On police pressure on opposition leaders
Yashin, Navalny, Udaltsov and other protest organizers have all come under increased pressure by law enforcement following the violence that broke out during the May 6 rally, a day before Putin’s inauguration.
Even the apartment of Kseniya Sobchak, society girl turned political talk-show host, was searched on the eve of the June 12 protest. Considering she is the daughter of Putin’s former political patron, the late St. Petersburg mayor Anatoly Sobchak, the police raid looked like revenge for her opposition sympathies. Sobchak, it turns out, is romantically linked to Yashin.

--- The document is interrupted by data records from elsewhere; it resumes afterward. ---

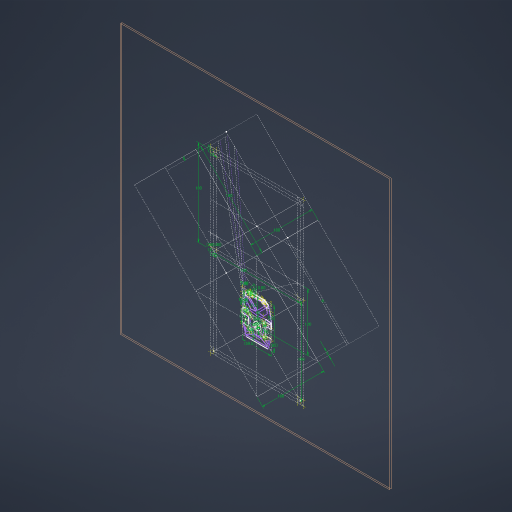
# Autodesk Inventor part: chassis
Saved by Autodesk Inventor 2023.5 (Build 275446000, 446)
## iProperties
Created: 2024-12-08
Part Number: chassis
Material: 一般
Document SubType Name: Modeling
Designer: IshiiLabHonda
Density: 1 g/cm^3
Appearance: 既定
Author: IshiiLabHonda
Autodesk Inventor part; units mm, degrees
(part 1 of 2)
ref_plane "YZ Plane" through (0, 0, 0) normal (1, 0, 0) x (0, 1, 0)
ref_plane "XZ Plane" through (0, 0, 0) normal (0, 1, 0) x (-1, 0, 0)
sketch "スケッチ1" plane through (0, 0, 0) normal (0, 0, 1) x (1, 0, 0)
  line L0 (0, 0) -> (0, 1) construction
  line L1 (0, 0) -> (1, 0) construction
  line L2 (-90, 90) -> (90, 90) construction
  line L3 (90, 90) -> (90, -90) construction
  line L4 (90, -90) -> (-90, -90) construction
  line L5 (-90, -90) -> (-90, 90) construction
  line L6 (-90, -90) -> (90, 90) construction
  line L7 (-90, 90) -> (90, -90) construction
  line L8 (-84, 96) -> (-84, 84) construction
  line L9 (-84, 84) -> (-96, 84) construction
  line L10 (-96, 84) -> (-96, 96) construction
  line L11 (-96, 96) -> (-84, 84) construction
  line L12 (-84, 96) -> (-96, 84) construction
  line L13 (-96, 96) -> (-84, 96) construction
  line L14 (-96, -96) -> (-96, -84) construction
  line L15 (-84, -96) -> (-96, -96) construction
  line L16 (-96, -96) -> (-84, -84) construction
  line L17 (-96, -84) -> (-84, -96) construction
  line L18 (-84, -84) -> (-84, -96) construction
  line L19 (-96, -84) -> (-84, -84) construction
  line L20 (96, -96) -> (84, -96) construction
  line L21 (96, -84) -> (96, -96) construction
  line L22 (96, -96) -> (84, -84) construction
  line L23 (84, -96) -> (96, -84) construction
  line L24 (84, -84) -> (96, -84) construction
  line L25 (84, -96) -> (84, -84) construction
  line L26 (96, 96) -> (96, 84) construction
  line L27 (84, 96) -> (96, 96) construction
  line L28 (96, 96) -> (84, 84) construction
  line L29 (96, 84) -> (84, 96) construction
  line L30 (84, 84) -> (84, 96) construction
  line L31 (96, 84) -> (84, 84) construction
  line L32 (-84, 84) -> (-84, -84) construction
  line L33 (-96, 84) -> (-96, -84) construction
  line L34 (-84, -84) -> (84, -84) construction
  line L35 (-84, -96) -> (84, -96) construction
  line L36 (96, 84) -> (96, -84) construction
  line L37 (84, 84) -> (84, -84) construction
  line L38 (-84, 96) -> (84, 96) construction
  line L39 (-84, 84) -> (84, 84) construction
  line L40 (-18, 15) -> (18, 15) construction
  line L41 (18, 15) -> (18, -15) construction
  line L42 (18, -15) -> (-18, -15) construction
  line L43 (-18, -15) -> (-18, 15) construction
  line L44 (-18, 15) -> (18, -15) construction
  line L45 (18, 15) -> (-18, -15) construction
  line L46 (-29.25, 11.5) -> (-18, 11.5) construction
  line L47 (-18, -11.5) -> (-29.25, -11.5) construction
  line L48 (-29.25, -11.5) -> (-29.25, 11.5) construction
  line L49 (-29.25, 11.5) -> (-18, -11.5) construction
  line L50 (-18, 11.5) -> (-29.25, -11.5) construction
  line L51 (29.25, 11.5) -> (18, 11.5) construction
  line L52 (18, -11.5) -> (29.25, -11.5) construction
  line L53 (29.25, -11.5) -> (29.25, 11.5) construction
  line L54 (29.25, 11.5) -> (18, -11.5) construction
  line L55 (18, 11.5) -> (29.25, -11.5) construction
  line L56 (-18, -10) -> (18, -10) construction
  line L57 (-18, -12.5) -> (18, -12.5) construction
  line L58 (-18, 10) -> (18, 10) construction
  line L59 (-18, 12.5) -> (18, 12.5) construction
  line L60 (-16, -15) -> (-16, 15) construction
  line L61 (16, -15) -> (16, 15) construction
  line L62 (-12, -10) -> (-12, -15) construction
  line L63 (-16, -10) -> (-12, -15) construction
  line L64 (-16, -15) -> (-12, -10) construction
  circle A0 centre (-14, -12.5) radius 0.8 construction
  line L65 (12, -10) -> (12, -15) construction
  line L66 (16, -10) -> (12, -15) construction
  line L67 (16, -15) -> (12, -10) construction
  circle A1 centre (14, -12.5) radius 0.8 construction
  line L68 (-12, 10) -> (-12, 15) construction
  line L69 (-16, 10) -> (-12, 15) construction
  line L70 (-16, 15) -> (-12, 10) construction
  circle A2 centre (-14, 12.5) radius 0.8 construction
  line L71 (12, 10) -> (12, 15) construction
  line L72 (16, 10) -> (12, 15) construction
  circle A3 centre (14, 12.5) radius 0.8 construction
  line L73 (16, 15) -> (12, 10) construction
  line L74 (-96, 276) -> (-84, 276) construction
  line L75 (-84, 276) -> (-84, 264) construction
  line L76 (-84, 264) -> (-96, 264) construction
  line L77 (-96, 264) -> (-96, 276) construction
  line L78 (-96, 276) -> (-84, 264) construction
  line L79 (-84, 276) -> (-96, 264) construction
  line L80 (-90, 90) -> (-90, 270) construction
  line L81 (-96, 264) -> (-96, 96) construction
  line L82 (-84, 264) -> (-84, 96) construction
  line L83 (96, 276) -> (84, 276) construction
  line L84 (84, 276) -> (84, 264) construction
  line L85 (84, 264) -> (96, 264) construction
  line L86 (96, 264) -> (96, 276) construction
  line L87 (96, 276) -> (84, 264) construction
  line L88 (84, 276) -> (96, 264) construction
  line L89 (90, 90) -> (90, 270) construction
  line L90 (96, 264) -> (96, 96) construction
  line L91 (84, 264) -> (84, 96) construction
  line L92 (-84, 276) -> (84, 276) construction
  line L93 (-84, 264) -> (84, 264) construction
  line L94 (-90, 270) -> (90, 270) construction
  line L95 (-90, 270) -> (90, 90) construction
  line L96 (-90, 90) -> (90, 270) construction
  circle A4 centre (0, 0) radius 15 construction
  line L97 (-96, 120) -> (96, 120) construction
  line L98 (0, 127.2792) -> (0, -127.2792) construction
  line L99 (-127.2792, 0) -> (127.2792, 0) construction
  line L100 (127.2792, 0) -> (0, -127.2792) construction
  line L101 (0, -127.2792) -> (-127.2792, 0) construction
  line L102 (-127.2792, 0) -> (0, 127.2792) construction
  line L103 (0, 127.2792) -> (127.2792, 0) construction
  line L104 (127.2792, 254.5584) -> (254.5584, 127.2792) construction
  line L105 (254.5584, 127.2792) -> (127.2792, 0) construction
  line L106 (127.2792, 0) -> (0, 127.2792) construction
  line L107 (0, 127.2792) -> (127.2792, 254.5584) construction
  line L108 (-127.2792, 254.5584) -> (0, 127.2792) construction
  line L109 (0, 127.2792) -> (-127.2792, 0) construction
  line L110 (-127.2792, 0) -> (-254.5584, 127.2792) construction
  line L111 (-254.5584, 127.2792) -> (-127.2792, 254.5584) construction
  line L112 (0, 381.8377) -> (127.2792, 254.5584) construction
  line L113 (127.2792, 254.5584) -> (0, 127.2792) construction
  line L114 (0, 127.2792) -> (-127.2792, 254.5584) construction
  line L115 (-127.2792, 254.5584) -> (0, 381.8377) construction
  line L116 (190.9188, 63.6396) -> (63.6396, 190.9188) construction
  line L117 (-190.9188, 190.9188) -> (-63.6396, 63.6396) construction
  line L118 (59.397, -59.397) -> (186.6762, 67.8823) construction
  line L119 (59.397, 186.6762) -> (186.6762, 59.397) construction
  line L120 (63.6396, 190.9188) -> (-63.6396, 318.1981) construction
  line L121 (-186.6762, 186.6762) -> (-59.397, 313.9554) construction
  point P0 (-90, -90)
  point P1 (90, -90)
  point P2 (-23.625, 0)
  point P3 (-84, 120)
  point P4 (84, 120)
  point P5 (0, 0)
  dimension "d0" = 1
  dimension "d1" = 1
  dimension "d2" = 180
  dimension "d3" = 180
  dimension "d4" = 12
  dimension "d5" = 12
  dimension "d8" = 360
  dimension "d10" = 36
  dimension "d12" = 11.25
  dimension "d13" = 23
  dimension "d14" = 5
  dimension "d15" = 2
  dimension "d16" = 4
  dimension "d17" = 1.6
  dimension "d22" = 12
  dimension "d23" = 12
  dimension "d24" = 180
  dimension "d25" = 25
  dimension "d26" = 30
  dimension "d27" = 30
  dimension "d29" = 120
  dimension "d331" = 180
  dimension "d334" = 180
  dimension "d337" = 180
  dimension "d340" = 6
  dimension "d341" = 6
  dimension "d342" = 6
  constraints: 244 end point, 29 point on line, 27 symmetric about line, 19 midpoint, 18 parallel, 10 perpendicular, 5 centre point, 4 coincident, 2 collinear, 1 horizontal, 1 vertical, 91 other
  measures "d0" distance of L0.start L0.end
  measures "d1" distance of L0.start L1.end
  measures "d2" distance of L2.start L2.end
  measures "d3" distance of L2.end L3.end
  measures "d4" distance of L9.end L10.end
  measures "d5" distance of L8.end L9.end
  measures "d10" distance of L40.start L40.end
  measures "d12" distance of L46.start L46.end
  measures "d13" distance of L47.end L46.start
  measures "d14" distance between parallel lines of L56 L42
  measures "d15" distance between parallel lines of L43 L60
  measures "d16" distance between parallel lines of L60 L62
  measures "d17" diameter of A0
  measures "d22" distance of L75.end L76.end
  measures "d23" distance of L76.end L74.start
  measures "d24" distance of L2.start L80.end
  measures "d25" distance between parallel lines of L57 L59
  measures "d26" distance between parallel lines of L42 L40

Even though he is considered a mere witness to the violence in May, Yashin had laptops and hard drives seized by police. During a search of his parents’ apartment, his father’s computer and his mother’s iPad were confiscated, he said. Even his grade-school composition books were taken away for closer analysis.
“It’s banditism protected by the law,” Yashin said. “De facto, we’re suspects.
“They don’t understand that if they put us – Navalny, Udaltsov and me – into jail, the people who will come in our place will be much more radical.”
On the challenges facing the opposition
The opposition has spent the past half-year mobilizing mass protests in the capital. But when it comes to the tedious work of grassroots political organization on the local level, little has changed since Putin swept back to the presidency in March. Earlier this month, the ruling United Russia party handily won mayoral elections in the Siberian metropolises of Krasnoyarsk and Omsk.
I suggested the opposition was still incapable of real political action.
“Let the people be the judge,” Yashin said. But the people can’t do that until three conditions are met: free media, fair elections and independent courts.
“We should use all methods to pressure the government, including the street.”
I asked if the new law liberalizing the registration of political parties didn’t open up opportunities for the opposition.
“We should use all methods to pressure the government, including the street,” Yashin said. The political reforms rushed through parliament after the first wave of protests aren’t real, he complained, since the system is still skewed to prevent the opposition from coming to power through elections.
I replied that the protest movement’s coalition of nationalists, liberals and leftists was too broad to come up with a coherent political agenda.

Yashin disagreed. In any authoritarian regime, people organize around common values, he said. What unites the protesters and makes them strong is their desire for free and fair elections.
On illusions
I returned to Yashin’s comment that Putin is a prisoner to his own illusions. Couldn’t the same be said about Yashin and other protest leaders? Wasn’t he in a tiny minority detached from the rest of Russia?
“No,” Yashin said, shaking his head. People in Russia with “common sense” all want their country to be democratic. The supposed clash between Moscow and the Russian heartland is artificial, he said.
I wasn’t convinced. Isn’t he suffering from an illusion just as Putin is, living in Moscow and interacting with like-minded people?

Yashin allowed for that possibility but said the opposition understands the need to get out and meet with activists in the regions. (This week he is visiting Vladivostok.)
Yashin was reluctant to reveal the opposition’s future plans, except that the next big demonstration will probably take place on September 15.
I asked what kept him going.
“I believe in what I do,” he said. “When I was a kid I read some books that said good defeats evil.”